Very significant news emerging this week for the gold market.
From one of the biggest consuming nations on the planet.
That’s India. Where reports from local press suggest that the government may once again tighten restrictions on gold imports into the country.
Officials are reportedly looking at re-instating the so-called “80:20 rule” on imports. Under which importers of gold were required to re-export 20% of the supply they brought in from abroad.
The 80:20 rule was formally relaxed last May after being in force for a year. A move that has allowed a number of “nominated” agencies in India to more-freely import bullion over the last few months.
That’s had a notable effect on gold consumption from Indian consumers. With September’s imports recently reported at $3.8 billion—up 450% from the year-ago period.
But the uptick in gold imports has also caused troubles—notably for India’s trade deficit. Which hit an 18-month high of $14 billion during September.
That figure has worried India’s finance ministry.
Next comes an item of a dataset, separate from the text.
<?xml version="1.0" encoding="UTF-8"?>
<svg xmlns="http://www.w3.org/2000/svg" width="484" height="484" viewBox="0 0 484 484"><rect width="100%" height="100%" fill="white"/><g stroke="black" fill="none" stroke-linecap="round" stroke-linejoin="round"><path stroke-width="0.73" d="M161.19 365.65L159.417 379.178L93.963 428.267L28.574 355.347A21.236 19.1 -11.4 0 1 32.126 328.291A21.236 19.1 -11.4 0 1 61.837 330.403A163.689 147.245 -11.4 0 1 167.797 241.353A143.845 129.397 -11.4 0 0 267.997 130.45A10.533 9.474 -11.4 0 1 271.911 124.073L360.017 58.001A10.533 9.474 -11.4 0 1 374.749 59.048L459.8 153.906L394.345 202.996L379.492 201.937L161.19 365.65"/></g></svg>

Prompting officials there to formally ask the country’s department of economic affairs and the Reserve Bank of India to look at re-imposing the 80:20 rule.
The stated goal of such action would of course be to discourage gold imports. Which would provide a drag on global gold buying—and affect prices.
The move would also be a surprise to a number of observers in the gold space. Who had been expecting India to continue easing its import policies, ahead of possibly allowing more-complete freedom on shipments.
Watch for news on any decisions by economic affairs or the Reserve Bank regarding official rule changes. India’s trade deficit numbers for October could also provide some clues as to what action is coming on this front.